── Listed entries

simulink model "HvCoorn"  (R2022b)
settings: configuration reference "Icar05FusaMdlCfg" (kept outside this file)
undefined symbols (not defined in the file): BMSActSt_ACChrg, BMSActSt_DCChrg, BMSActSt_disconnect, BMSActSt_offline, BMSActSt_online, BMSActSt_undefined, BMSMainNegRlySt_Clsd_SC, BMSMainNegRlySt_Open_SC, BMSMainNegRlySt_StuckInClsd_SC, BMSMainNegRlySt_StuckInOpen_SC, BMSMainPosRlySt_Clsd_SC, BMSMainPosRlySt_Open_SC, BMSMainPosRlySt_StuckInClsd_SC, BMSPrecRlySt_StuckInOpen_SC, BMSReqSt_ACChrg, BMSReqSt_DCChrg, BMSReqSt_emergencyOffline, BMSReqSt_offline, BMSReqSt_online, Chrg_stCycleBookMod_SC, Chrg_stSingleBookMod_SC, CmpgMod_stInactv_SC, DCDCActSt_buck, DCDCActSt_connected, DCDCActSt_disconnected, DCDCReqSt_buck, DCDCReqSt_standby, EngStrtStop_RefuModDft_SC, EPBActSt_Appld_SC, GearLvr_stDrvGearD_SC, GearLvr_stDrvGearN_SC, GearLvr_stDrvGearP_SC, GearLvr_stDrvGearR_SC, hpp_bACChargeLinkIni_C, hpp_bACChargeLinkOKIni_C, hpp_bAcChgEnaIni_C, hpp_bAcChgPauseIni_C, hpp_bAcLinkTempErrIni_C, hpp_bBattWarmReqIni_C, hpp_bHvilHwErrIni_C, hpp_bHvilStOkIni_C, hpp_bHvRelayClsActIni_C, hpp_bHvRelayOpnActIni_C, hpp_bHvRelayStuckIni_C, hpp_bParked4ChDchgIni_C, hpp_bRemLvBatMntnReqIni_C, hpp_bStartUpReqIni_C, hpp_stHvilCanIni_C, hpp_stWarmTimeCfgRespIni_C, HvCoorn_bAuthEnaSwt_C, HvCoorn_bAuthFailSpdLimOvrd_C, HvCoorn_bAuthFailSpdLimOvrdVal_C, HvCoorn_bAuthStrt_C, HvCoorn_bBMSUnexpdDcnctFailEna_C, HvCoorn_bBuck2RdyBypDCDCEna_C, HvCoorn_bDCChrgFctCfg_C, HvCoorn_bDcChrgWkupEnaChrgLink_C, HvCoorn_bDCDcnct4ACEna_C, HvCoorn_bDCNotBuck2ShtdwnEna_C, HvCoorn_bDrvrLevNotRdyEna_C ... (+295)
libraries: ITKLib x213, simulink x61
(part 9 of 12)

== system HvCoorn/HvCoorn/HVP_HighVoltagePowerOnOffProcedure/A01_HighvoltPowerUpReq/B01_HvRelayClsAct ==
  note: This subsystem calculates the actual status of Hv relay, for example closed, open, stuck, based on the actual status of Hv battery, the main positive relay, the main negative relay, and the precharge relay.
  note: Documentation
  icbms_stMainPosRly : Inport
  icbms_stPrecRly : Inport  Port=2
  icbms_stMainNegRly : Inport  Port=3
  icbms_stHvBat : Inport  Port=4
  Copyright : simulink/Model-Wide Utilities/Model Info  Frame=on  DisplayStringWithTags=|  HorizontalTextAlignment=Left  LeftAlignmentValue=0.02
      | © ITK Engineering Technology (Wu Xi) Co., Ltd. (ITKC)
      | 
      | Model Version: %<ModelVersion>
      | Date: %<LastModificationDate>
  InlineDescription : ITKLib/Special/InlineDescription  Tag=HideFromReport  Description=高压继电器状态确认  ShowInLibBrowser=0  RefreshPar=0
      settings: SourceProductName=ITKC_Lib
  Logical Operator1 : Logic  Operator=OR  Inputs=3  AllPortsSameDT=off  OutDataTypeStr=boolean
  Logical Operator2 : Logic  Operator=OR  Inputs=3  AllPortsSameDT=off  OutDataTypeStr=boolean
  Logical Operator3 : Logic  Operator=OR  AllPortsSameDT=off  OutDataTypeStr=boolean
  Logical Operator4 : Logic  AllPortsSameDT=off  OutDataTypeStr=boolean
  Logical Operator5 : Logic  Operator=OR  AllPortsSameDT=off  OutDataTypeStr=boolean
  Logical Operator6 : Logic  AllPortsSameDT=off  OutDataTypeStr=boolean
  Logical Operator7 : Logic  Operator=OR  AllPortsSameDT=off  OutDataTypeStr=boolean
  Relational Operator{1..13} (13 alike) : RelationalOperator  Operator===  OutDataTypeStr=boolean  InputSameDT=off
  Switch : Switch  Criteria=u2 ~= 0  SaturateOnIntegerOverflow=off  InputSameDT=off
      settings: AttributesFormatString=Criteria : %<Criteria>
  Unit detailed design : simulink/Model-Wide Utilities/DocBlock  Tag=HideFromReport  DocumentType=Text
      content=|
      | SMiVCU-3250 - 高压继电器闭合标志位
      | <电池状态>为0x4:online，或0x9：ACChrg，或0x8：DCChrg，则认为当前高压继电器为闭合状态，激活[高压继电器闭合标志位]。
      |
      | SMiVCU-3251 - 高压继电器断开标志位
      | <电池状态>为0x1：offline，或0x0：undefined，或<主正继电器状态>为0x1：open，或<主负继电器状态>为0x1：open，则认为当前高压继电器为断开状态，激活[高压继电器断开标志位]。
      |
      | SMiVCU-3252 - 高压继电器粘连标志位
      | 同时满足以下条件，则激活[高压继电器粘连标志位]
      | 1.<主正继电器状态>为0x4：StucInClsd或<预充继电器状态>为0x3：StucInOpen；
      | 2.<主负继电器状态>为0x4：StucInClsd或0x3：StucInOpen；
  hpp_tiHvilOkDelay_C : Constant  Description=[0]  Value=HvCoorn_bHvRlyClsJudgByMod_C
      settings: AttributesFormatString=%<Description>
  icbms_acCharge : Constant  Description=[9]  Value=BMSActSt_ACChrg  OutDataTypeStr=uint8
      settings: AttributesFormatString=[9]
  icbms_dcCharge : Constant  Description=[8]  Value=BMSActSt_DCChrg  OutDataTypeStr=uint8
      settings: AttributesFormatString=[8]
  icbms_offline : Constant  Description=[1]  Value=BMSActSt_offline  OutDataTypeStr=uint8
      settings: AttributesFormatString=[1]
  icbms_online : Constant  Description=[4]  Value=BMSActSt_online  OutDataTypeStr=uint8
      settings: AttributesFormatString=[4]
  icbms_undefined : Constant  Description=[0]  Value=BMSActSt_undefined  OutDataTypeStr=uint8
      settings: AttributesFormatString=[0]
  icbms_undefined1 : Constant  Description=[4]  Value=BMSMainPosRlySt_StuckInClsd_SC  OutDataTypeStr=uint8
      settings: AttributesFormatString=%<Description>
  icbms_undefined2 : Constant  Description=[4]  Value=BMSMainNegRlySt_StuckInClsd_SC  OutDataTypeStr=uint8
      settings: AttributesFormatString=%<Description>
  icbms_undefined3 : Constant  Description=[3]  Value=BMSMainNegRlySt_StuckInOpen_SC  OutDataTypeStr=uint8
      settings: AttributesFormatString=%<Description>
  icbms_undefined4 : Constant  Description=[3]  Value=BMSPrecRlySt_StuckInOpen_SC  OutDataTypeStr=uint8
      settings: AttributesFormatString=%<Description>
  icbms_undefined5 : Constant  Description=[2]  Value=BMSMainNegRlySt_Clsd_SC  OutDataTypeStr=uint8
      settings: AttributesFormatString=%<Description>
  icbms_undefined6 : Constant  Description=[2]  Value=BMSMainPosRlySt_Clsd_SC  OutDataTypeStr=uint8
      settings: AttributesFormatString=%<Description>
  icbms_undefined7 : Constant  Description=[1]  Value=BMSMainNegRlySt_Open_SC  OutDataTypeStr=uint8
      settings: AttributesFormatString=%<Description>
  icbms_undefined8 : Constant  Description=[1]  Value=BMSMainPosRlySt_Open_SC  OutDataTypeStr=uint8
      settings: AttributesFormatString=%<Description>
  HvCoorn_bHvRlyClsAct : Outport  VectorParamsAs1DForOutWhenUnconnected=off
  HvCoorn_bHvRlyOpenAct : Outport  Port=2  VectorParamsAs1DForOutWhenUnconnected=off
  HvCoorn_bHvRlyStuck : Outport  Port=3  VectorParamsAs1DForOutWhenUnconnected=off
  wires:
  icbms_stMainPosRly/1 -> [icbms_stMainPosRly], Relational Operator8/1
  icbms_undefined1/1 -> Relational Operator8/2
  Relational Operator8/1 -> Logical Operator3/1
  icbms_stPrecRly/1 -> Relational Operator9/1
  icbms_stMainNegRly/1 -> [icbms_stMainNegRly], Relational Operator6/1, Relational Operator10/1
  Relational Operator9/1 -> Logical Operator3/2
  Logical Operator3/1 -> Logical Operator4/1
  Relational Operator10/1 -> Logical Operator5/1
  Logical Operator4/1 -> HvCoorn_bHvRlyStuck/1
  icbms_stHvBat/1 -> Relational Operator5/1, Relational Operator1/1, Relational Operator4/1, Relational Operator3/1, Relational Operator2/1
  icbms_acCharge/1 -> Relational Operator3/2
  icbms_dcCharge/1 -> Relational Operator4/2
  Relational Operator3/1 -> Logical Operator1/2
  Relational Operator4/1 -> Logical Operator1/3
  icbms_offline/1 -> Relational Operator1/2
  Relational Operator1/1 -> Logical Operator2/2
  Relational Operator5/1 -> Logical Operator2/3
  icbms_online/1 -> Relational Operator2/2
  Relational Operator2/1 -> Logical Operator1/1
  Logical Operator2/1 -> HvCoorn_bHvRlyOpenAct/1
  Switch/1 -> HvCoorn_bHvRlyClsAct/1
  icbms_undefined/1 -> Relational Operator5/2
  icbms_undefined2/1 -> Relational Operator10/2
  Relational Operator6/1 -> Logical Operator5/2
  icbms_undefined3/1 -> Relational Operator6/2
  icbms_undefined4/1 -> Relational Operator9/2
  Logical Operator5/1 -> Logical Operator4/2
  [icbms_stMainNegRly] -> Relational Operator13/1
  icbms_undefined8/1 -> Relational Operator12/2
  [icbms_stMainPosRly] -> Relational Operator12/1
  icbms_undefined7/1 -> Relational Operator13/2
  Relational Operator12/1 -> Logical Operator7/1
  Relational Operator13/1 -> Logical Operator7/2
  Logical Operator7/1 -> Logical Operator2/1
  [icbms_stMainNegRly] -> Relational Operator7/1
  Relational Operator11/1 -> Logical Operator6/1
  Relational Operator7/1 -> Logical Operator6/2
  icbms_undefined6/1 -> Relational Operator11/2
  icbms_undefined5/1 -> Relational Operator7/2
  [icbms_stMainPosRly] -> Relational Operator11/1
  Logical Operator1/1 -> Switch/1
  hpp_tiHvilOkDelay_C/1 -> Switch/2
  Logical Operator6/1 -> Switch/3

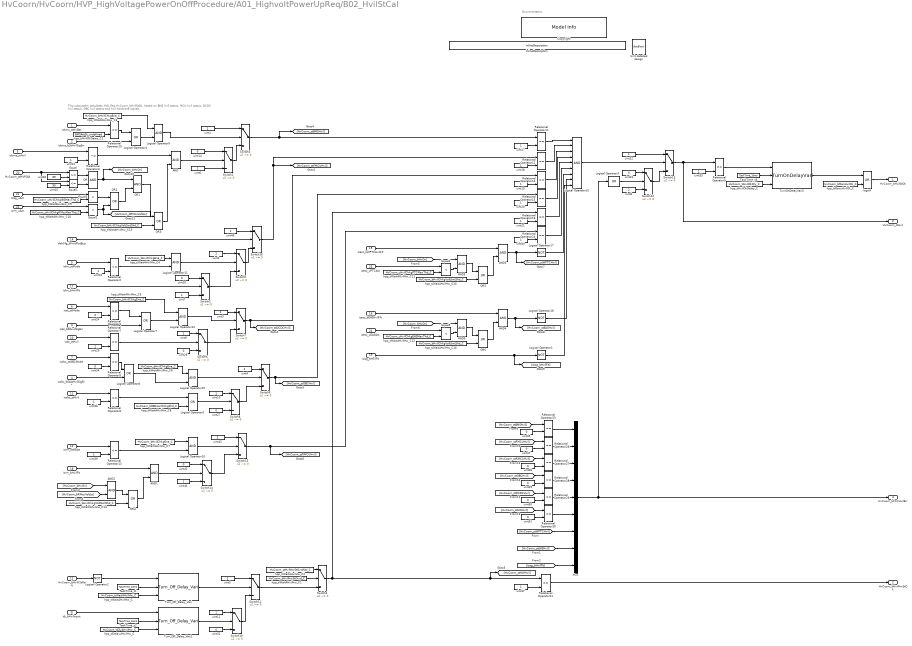
== system HvCoorn/HvCoorn/HVP_HighVoltagePowerOnOffProcedure/A01_HighvoltPowerUpReq/B02_HvilStCal ==
  note: This subsystem calculates HVIL flag HvCoorn_bHvilStOk, based on BMS hvil status, MCU hvil status, DCDC hvil status, OBC hvil status and hvil hardware signals .
  note: Documentation
  icbms_stHvBat : Inport
  icbms_bStHvilSigErr : Inport  Port=2
  icdc_bStHvilSigErr : Inport  Port=3
  icobc_bStAcHvilSigErr : Inport  Port=4
  icfm_stMode : Inport  Port=5
  icdc_stMode : Inport  Port=6
  icobc_stOBCMode : Inport  Port=7
  idi_bHvilInput : Inport  Port=8
  icbms_stHvil : Inport  Port=9
  icdc_stHvil : Inport  Port=10
  icobc_stHvil : Inport  Port=11
  HvCoorn_bHvilClsReq : Inport  Port=12
  icrm_stMode : Inport  Port=13
  VehCfg_bFrntMotByp : Inport  Port=14
  icecc_bWPTCHvilFlt : Inport  Port=15
  icecc_bEASHvilFlt : Inport  Port=16
  icfm_bHvilFlt : Inport  Port=17
  icrm_bHvilFlt : Inport  Port=18
  icisg_bHvilFlt : Inport  Port=19
  HvCoorn_stHVPOld : Inport  Port=20
  icisg_uAct : Inport  Port=21
  icrm_uAct : Inport  Port=22
  icecc_uPTCAct : Inport  Port=23
  icecc_uEASAct : Inport  Port=24
  AND{,1..6} (7 alike) : Logic  OutDataTypeStr=boolean
  Copyright : simulink/Model-Wide Utilities/Model Info  Frame=on  DisplayStringWithTags=|  HorizontalTextAlignment=Left  LeftAlignmentValue=0.02
      | © ITK Engineering Technology (Wu Xi) Co., Ltd. (ITKC)
      | 
      | Model Version: %<ModelVersion>
      | Date: %<LastModificationDate>
  Equal : RelationalOperator  OutDataTypeStr=boolean  RndMeth=Simplest  InputSameDT=off
  Equal1 : RelationalOperator  Operator=<=  OutDataTypeStr=boolean  RndMeth=Simplest  InputSameDT=off
  Equal{2..5} (4 alike) : RelationalOperator  Operator=<  OutDataTypeStr=boolean
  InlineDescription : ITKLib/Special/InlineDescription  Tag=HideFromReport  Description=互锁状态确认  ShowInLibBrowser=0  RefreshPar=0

────

• _Task item_
Check each line of the records for the word "Simplest", and show the lines that contain it.

• _Solution for this exercise_
  Equal : RelationalOperator  OutDataTypeStr=boolean  RndMeth=Simplest  InputSameDT=off
  Equal1 : RelationalOperator  Operator=<=  OutDataTypeStr=boolean  RndMeth=Simplest  InputSameDT=off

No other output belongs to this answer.